Union-Find with path compression + union by rank gives near O(1) amortized per operation (technically O(alpha(n)) where alpha is the inverse Ackermann function). Advanced variants add rollback and weighted edges.
Union by rank + path compression: O(alpha(n)) per operation (effectively O(1))
Union by rank only (no path compression): O(log n) per operation -- but supports rollback
C++
struct DSU {
vector<int> parent, rank_;
DSU(int n) : parent(n), rank_(n, 0) {
iota(parent.begin(), parent.end(), 0);
}
int find(int x) {
while (x != parent[x])
x = parent[x] = parent[parent[x]]; // path compression (halving)
return x;
}
bool unite(int a, int b) {
a = find(a); b = find(b);
if (a == b) return false;
if (rank_[a] < rank_[b]) swap(a, b);
parent[b] = a;
if (rank_[a] == rank_[b]) rank_[a]++;
return true;
}
};
Python
class DSU:
def __init__(self, n):
self.parent = list(range(n))
self.rank = [0] * n
def find(self, x):
while self.parent[x] != x:
self.parent[x] = self.parent[self.parent[x]]
x = self.parent[x]
return x
def unite(self, a, b):
a, b = self.find(a), self.find(b)
if a == b:
return False
if self.rank[a] < self.rank[b]:
a, b = b, a
self.parent[b] = a
if self.rank[a] == self.rank[b]:
self.rank[a] += 1
return True
For problems that require undoing unions (e.g., offline divide and conquer), use union by rank WITHOUT path compression and maintain a stack of changes.
C++
struct RollbackDSU {
vector<int> parent, rank_;
vector<pair<int,int>> history; // (node, old_parent_or_rank)

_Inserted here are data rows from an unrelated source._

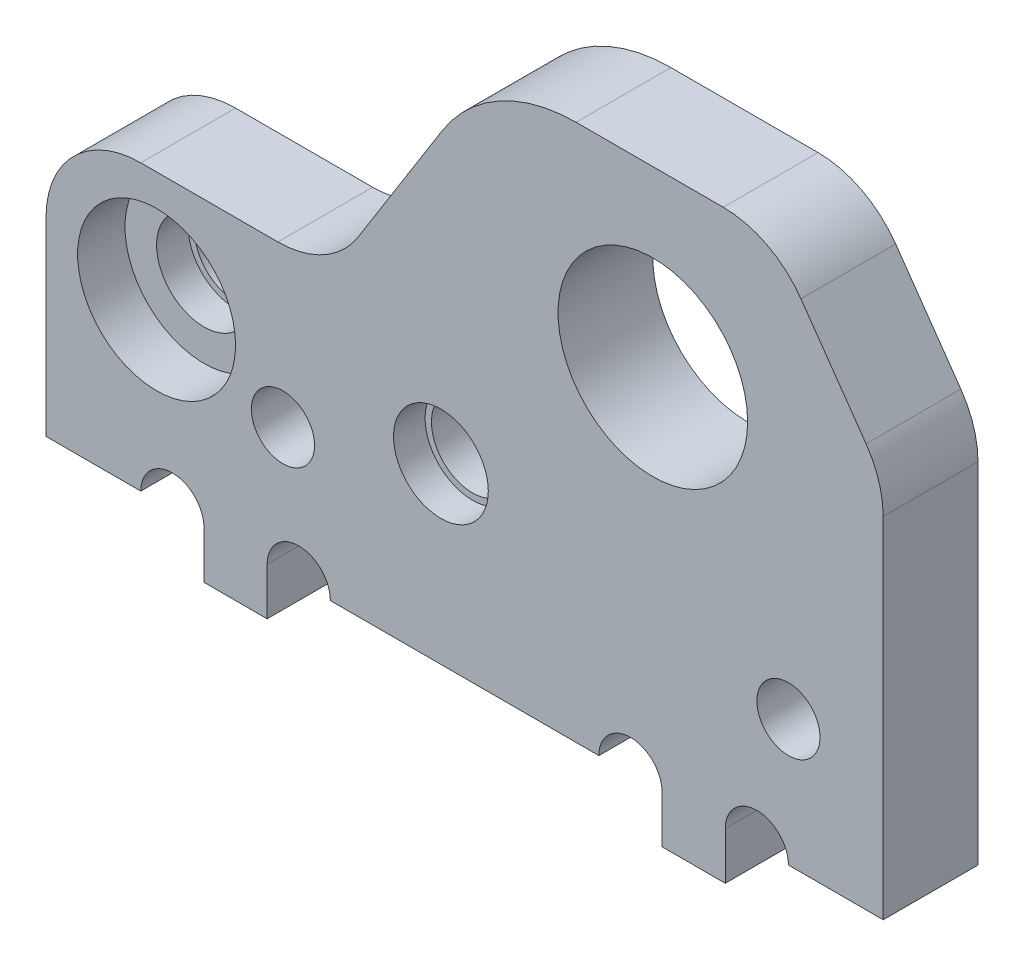
ISO-10303-21;
HEADER;
FILE_DESCRIPTION(('STEP AP214'),'2;1');
FILE_NAME('part.step','',(''),(''),'','','');
FILE_SCHEMA(('AUTOMOTIVE_DESIGN { 1 0 10303 214 1 1 1 1 }'));
ENDSEC;
DATA;
#1=APPLICATION_CONTEXT('core data for automotive mechanical design processes');
#2=APPLICATION_PROTOCOL_DEFINITION('international standard','automotive_design',2000,#1);
#3=PRODUCT_CONTEXT('',#1,'mechanical');
#4=PRODUCT('Part','Part','',(#3));
#5=PRODUCT_RELATED_PRODUCT_CATEGORY('part','',(#4));
#6=PRODUCT_DEFINITION_FORMATION('','',#4);
#7=PRODUCT_DEFINITION_CONTEXT('part definition',#1,'design');
#8=PRODUCT_DEFINITION('design','',#6,#7);
#9=PRODUCT_DEFINITION_SHAPE('','',#8);
#10=(LENGTH_UNIT() NAMED_UNIT(*) SI_UNIT(.MILLI.,.METRE.));
#11=(NAMED_UNIT(*) PLANE_ANGLE_UNIT() SI_UNIT($,.RADIAN.));
#12=(NAMED_UNIT(*) SI_UNIT($,.STERADIAN.) SOLID_ANGLE_UNIT());
#13=UNCERTAINTY_MEASURE_WITH_UNIT(LENGTH_MEASURE(1.E-05),#10,'distance_accuracy_value','');
#14=(GEOMETRIC_REPRESENTATION_CONTEXT(3) GLOBAL_UNCERTAINTY_ASSIGNED_CONTEXT((#13)) GLOBAL_UNIT_ASSIGNED_CONTEXT((#10,
#11,#12)) REPRESENTATION_CONTEXT('',''));
#15=CARTESIAN_POINT('',(0.,0.,0.));
#16=DIRECTION('',(0.,0.,1.));
#17=DIRECTION('',(1.,0.,0.));
#18=AXIS2_PLACEMENT_3D('',#15,#16,#17);
#19=CARTESIAN_POINT('',(0.,0.,0.));
#20=DIRECTION('',(0.,-1.,0.));
#21=DIRECTION('',(0.,0.,-1.));
#22=AXIS2_PLACEMENT_3D('',#19,#20,#21);
#23=PLANE('',#22);
#24=DIRECTION('',(-1.,0.,0.));
#25=VECTOR('',#24,1.);
#26=CARTESIAN_POINT('',(0.,0.,-3.));
#27=LINE('',#26,#25);
#28=CARTESIAN_POINT('',(17.5,0.,-3.));
#29=VERTEX_POINT('',#28);
#30=CARTESIAN_POINT('',(9.,0.,-3.));
#31=VERTEX_POINT('',#30);
#32=EDGE_CURVE('E313',#29,#31,#27,.T.);
#33=ORIENTED_EDGE('',*,*,#32,.F.);
#34=DIRECTION('',(0.,0.,-1.));
#35=VECTOR('',#34,1.);
#36=CARTESIAN_POINT('',(17.5,0.,0.));
#37=LINE('',#36,#35);
#38=CARTESIAN_POINT('',(17.5,0.,0.));
#39=VERTEX_POINT('',#38);
#40=EDGE_CURVE('E357',#39,#29,#37,.T.);
#41=ORIENTED_EDGE('',*,*,#40,.F.);
#42=DIRECTION('',(1.,0.,0.));
#43=VECTOR('',#42,1.);
#44=CARTESIAN_POINT('',(0.,0.,0.));
#45=LINE('',#44,#43);
#46=CARTESIAN_POINT('',(9.,0.,0.));
#47=VERTEX_POINT('',#46);
#48=EDGE_CURVE('E226',#47,#39,#45,.T.);
#49=ORIENTED_EDGE('',*,*,#48,.F.);
#50=DIRECTION('',(0.,0.,-1.));
#51=VECTOR('',#50,1.);
#52=CARTESIAN_POINT('',(9.,0.,0.));
#53=LINE('',#52,#51);
#54=EDGE_CURVE('E360',#31,#47,#53,.F.);
#55=ORIENTED_EDGE('',*,*,#54,.F.);
#56=EDGE_LOOP('',(#33,#41,#49,#55));
#57=FACE_BOUND('',#56,.T.);
#58=ADVANCED_FACE('F35',(#57),#23,.T.);
#59=DIRECTION('',(-1.,0.,0.));
#60=VECTOR('',#59,1.);
#61=CARTESIAN_POINT('',(0.,0.,-3.));
#62=LINE('',#61,#60);
#63=CARTESIAN_POINT('',(26.5,0.,-3.));
#64=VERTEX_POINT('',#63);
#65=CARTESIAN_POINT('',(23.5,0.,-3.));
#66=VERTEX_POINT('',#65);
#67=EDGE_CURVE('E199',#64,#66,#62,.T.);
#68=ORIENTED_EDGE('',*,*,#67,.F.);
#69=DIRECTION('',(0.,0.,-1.));
#70=VECTOR('',#69,1.);
#71=CARTESIAN_POINT('',(26.5,0.,0.));
#72=LINE('',#71,#70);
#73=CARTESIAN_POINT('',(26.5,0.,0.));
#74=VERTEX_POINT('',#73);
#75=EDGE_CURVE('E212',#74,#64,#72,.T.);
#76=ORIENTED_EDGE('',*,*,#75,.F.);
#77=CARTESIAN_POINT('',(23.5,0.,0.));
#78=VERTEX_POINT('',#77);
#79=EDGE_CURVE('E228',#78,#74,#45,.T.);
#80=ORIENTED_EDGE('',*,*,#79,.F.);
#81=DIRECTION('',(0.,0.,-1.));
#82=VECTOR('',#81,1.);
#83=CARTESIAN_POINT('',(23.5,0.,0.));
#84=LINE('',#83,#82);
#85=EDGE_CURVE('E213',#66,#78,#84,.F.);
#86=ORIENTED_EDGE('',*,*,#85,.F.);
#87=EDGE_LOOP('',(#68,#76,#80,#86));
#88=FACE_BOUND('',#87,.T.);
#89=ADVANCED_FACE('F210',(#88),#23,.T.);
#90=DIRECTION('',(-1.,0.,0.));
#91=VECTOR('',#90,1.);
#92=CARTESIAN_POINT('',(0.,0.,-3.));
#93=LINE('',#92,#91);
#94=CARTESIAN_POINT('',(3.,0.,-3.));
#95=VERTEX_POINT('',#94);
#96=CARTESIAN_POINT('',(0.,0.,-3.));
#97=VERTEX_POINT('',#96);
#98=EDGE_CURVE('E305',#95,#97,#93,.T.);
#99=ORIENTED_EDGE('',*,*,#98,.F.);
#100=DIRECTION('',(0.,0.,-1.));
#101=VECTOR('',#100,1.);
#102=CARTESIAN_POINT('',(3.,0.,0.));
#103=LINE('',#102,#101);
#104=CARTESIAN_POINT('',(3.,0.,0.));
#105=VERTEX_POINT('',#104);
#106=EDGE_CURVE('E362',#105,#95,#103,.T.);
#107=ORIENTED_EDGE('',*,*,#106,.F.);
#108=CARTESIAN_POINT('',(0.,0.,0.));
#109=VERTEX_POINT('',#108);
#110=EDGE_CURVE('E222',#109,#105,#45,.T.);
#111=ORIENTED_EDGE('',*,*,#110,.F.);
#112=DIRECTION('',(0.,0.,1.));
#113=VECTOR('',#112,1.);
#114=CARTESIAN_POINT('',(0.,0.,0.));
#115=LINE('',#114,#113);
#116=EDGE_CURVE('E426',#97,#109,#115,.T.);
#117=ORIENTED_EDGE('',*,*,#116,.F.);
#118=EDGE_LOOP('',(#99,#107,#111,#117));
#119=FACE_BOUND('',#118,.T.);
#120=ADVANCED_FACE('F494',(#119),#23,.T.);
#121=CARTESIAN_POINT('',(12.5,5.5,-6.));
#122=DIRECTION('',(0.,0.,1.));
#123=DIRECTION('',(1.,0.,0.));
#124=AXIS2_PLACEMENT_3D('',#121,#122,#123);
#125=CYLINDRICAL_SURFACE('',#124,1.3);
#126=CARTESIAN_POINT('',(12.5,5.5,-3.));
#127=DIRECTION('',(0.,0.,1.));
#128=DIRECTION('',(1.,0.,0.));
#129=AXIS2_PLACEMENT_3D('',#126,#127,#128);
#130=CIRCLE('',#129,1.3);
#131=CARTESIAN_POINT('',(13.8,5.5,-3.));
#132=VERTEX_POINT('',#131);
#133=EDGE_CURVE('E330',#132,#132,#130,.F.);
#134=ORIENTED_EDGE('',*,*,#133,.T.);
#135=EDGE_LOOP('',(#134));
#136=FACE_BOUND('',#135,.T.);
#137=CARTESIAN_POINT('',(12.5,5.5,-1.));
#138=DIRECTION('',(0.,0.,1.));
#139=DIRECTION('',(1.,0.,0.));
#140=AXIS2_PLACEMENT_3D('',#137,#138,#139);
#141=CIRCLE('',#140,1.3);
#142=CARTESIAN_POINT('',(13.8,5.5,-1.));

RollbackDSU(int n) : parent(n), rank_(n, 0) {
iota(parent.begin(), parent.end(), 0);
}
int find(int x) {
while (x != parent[x]) x = parent[x]; // NO path compression
return x;
}
int snapshot() { return history.size(); }
bool unite(int a, int b) {
a = find(a); b = find(b);
if (a == b) return false;
if (rank_[a] < rank_[b]) swap(a, b);
history.push_back({b, parent[b]});
history.push_back({~a, rank_[a]}); // ~a marks rank entry
parent[b] = a;
if (rank_[a] == rank_[b]) rank_[a]++;
return true;
}
void rollback(int snap) {
while ((int)history.size() > snap) {
auto [node, val] = history.back();
history.pop_back();
if (node < 0) rank_[~node] = val;
else parent[node] = val;
}
}
};
Each node stores a weight/distance relative to its parent. Useful for problems like "is the distance between a and b consistent with given constraints?"
C++
struct WeightedDSU {
vector<int> parent, rank_;
vector<long long> diff; // diff[x] = weight(x) - weight(parent[x])
WeightedDSU(int n) : parent(n), rank_(n, 0), diff(n, 0) {
iota(parent.begin(), parent.end(), 0);
}
pair<int, long long> find(int x) {
if (x == parent[x]) return {x, 0};
auto [root, d] = find(parent[x]);
parent[x] = root;
diff[x] += d;
return {root, diff[x]};
}
// unite with constraint: weight(a) - weight(b) = w
bool unite(int a, int b, long long w) {
auto [ra, da] = find(a);
auto [rb, db] = find(b);
if (ra == rb) return (da - db) == w; // check consistency
if (rank_[ra] < rank_[rb]) {
swap(ra, rb); swap(da, db); w = -w;
}
parent[rb] = ra;
diff[rb] = da - db - w;
if (rank_[ra] == rank_[rb]) rank_[ra]++;
return true;
}
};
Decomposes a tree into chains so that any root-to-leaf path crosses at most O(log n) chains. Combined with a segment tree on the flattened array, this gives O(log^2 n) path queries and updates.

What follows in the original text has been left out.